## MATERIAL TO PROCESS
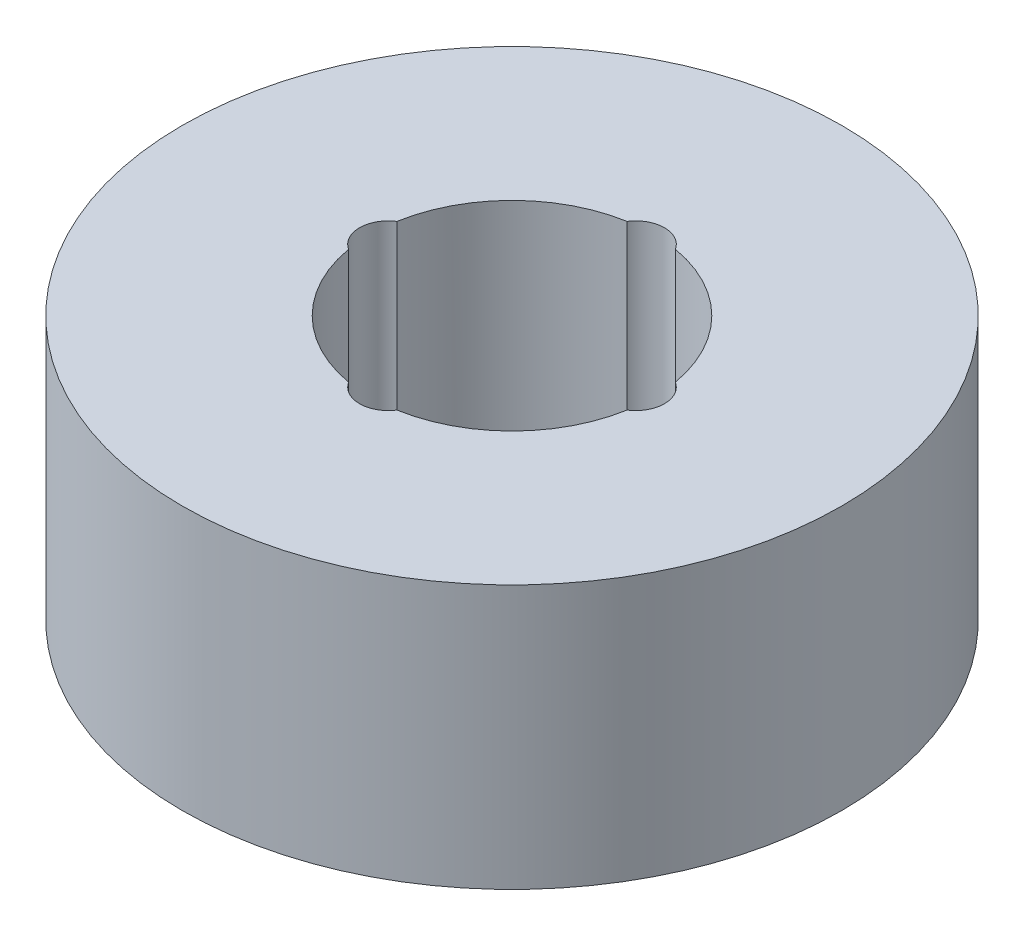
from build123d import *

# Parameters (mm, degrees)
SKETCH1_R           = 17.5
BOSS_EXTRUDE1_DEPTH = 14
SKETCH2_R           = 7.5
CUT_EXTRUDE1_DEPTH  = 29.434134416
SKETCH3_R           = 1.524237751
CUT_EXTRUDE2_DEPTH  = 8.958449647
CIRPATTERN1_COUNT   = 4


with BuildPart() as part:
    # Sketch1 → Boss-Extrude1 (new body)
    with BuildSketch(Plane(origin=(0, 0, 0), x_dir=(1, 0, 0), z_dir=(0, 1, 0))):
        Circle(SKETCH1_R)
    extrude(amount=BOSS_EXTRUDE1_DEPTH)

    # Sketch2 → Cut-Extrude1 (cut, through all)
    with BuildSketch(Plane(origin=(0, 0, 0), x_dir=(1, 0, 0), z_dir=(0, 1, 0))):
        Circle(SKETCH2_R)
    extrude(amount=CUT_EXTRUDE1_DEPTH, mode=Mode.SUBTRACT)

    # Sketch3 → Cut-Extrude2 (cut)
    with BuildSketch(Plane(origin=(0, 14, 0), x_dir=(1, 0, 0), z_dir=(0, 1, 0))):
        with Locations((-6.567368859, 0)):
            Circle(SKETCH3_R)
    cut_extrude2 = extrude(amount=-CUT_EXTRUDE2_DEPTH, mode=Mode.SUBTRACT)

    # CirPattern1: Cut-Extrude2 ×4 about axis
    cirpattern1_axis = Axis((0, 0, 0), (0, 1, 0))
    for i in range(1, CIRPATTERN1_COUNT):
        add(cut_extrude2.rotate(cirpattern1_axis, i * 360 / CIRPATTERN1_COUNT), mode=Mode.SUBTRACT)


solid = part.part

## PROBLEM STATEMENT
Pictures stay out. Everything else in the listing gets printed exactly.

## RESULT
from build123d import *

# Parameters (mm, degrees)
SKETCH1_R           = 17.5
BOSS_EXTRUDE1_DEPTH = 14
SKETCH2_R           = 7.5
CUT_EXTRUDE1_DEPTH  = 29.434134416
SKETCH3_R           = 1.524237751
CUT_EXTRUDE2_DEPTH  = 8.958449647
CIRPATTERN1_COUNT   = 4


with BuildPart() as part:
    # Sketch1 → Boss-Extrude1 (new body)
    with BuildSketch(Plane(origin=(0, 0, 0), x_dir=(1, 0, 0), z_dir=(0, 1, 0))):
        Circle(SKETCH1_R)
    extrude(amount=BOSS_EXTRUDE1_DEPTH)

    # Sketch2 → Cut-Extrude1 (cut, through all)
    with BuildSketch(Plane(origin=(0, 0, 0), x_dir=(1, 0, 0), z_dir=(0, 1, 0))):
        Circle(SKETCH2_R)
    extrude(amount=CUT_EXTRUDE1_DEPTH, mode=Mode.SUBTRACT)

    # Sketch3 → Cut-Extrude2 (cut)
    with BuildSketch(Plane(origin=(0, 14, 0), x_dir=(1, 0, 0), z_dir=(0, 1, 0))):
        with Locations((-6.567368859, 0)):
            Circle(SKETCH3_R)
    cut_extrude2 = extrude(amount=-CUT_EXTRUDE2_DEPTH, mode=Mode.SUBTRACT)

    # CirPattern1: Cut-Extrude2 ×4 about axis
    cirpattern1_axis = Axis((0, 0, 0), (0, 1, 0))
    for i in range(1, CIRPATTERN1_COUNT):
        add(cut_extrude2.rotate(cirpattern1_axis, i * 360 / CIRPATTERN1_COUNT), mode=Mode.SUBTRACT)


solid = part.part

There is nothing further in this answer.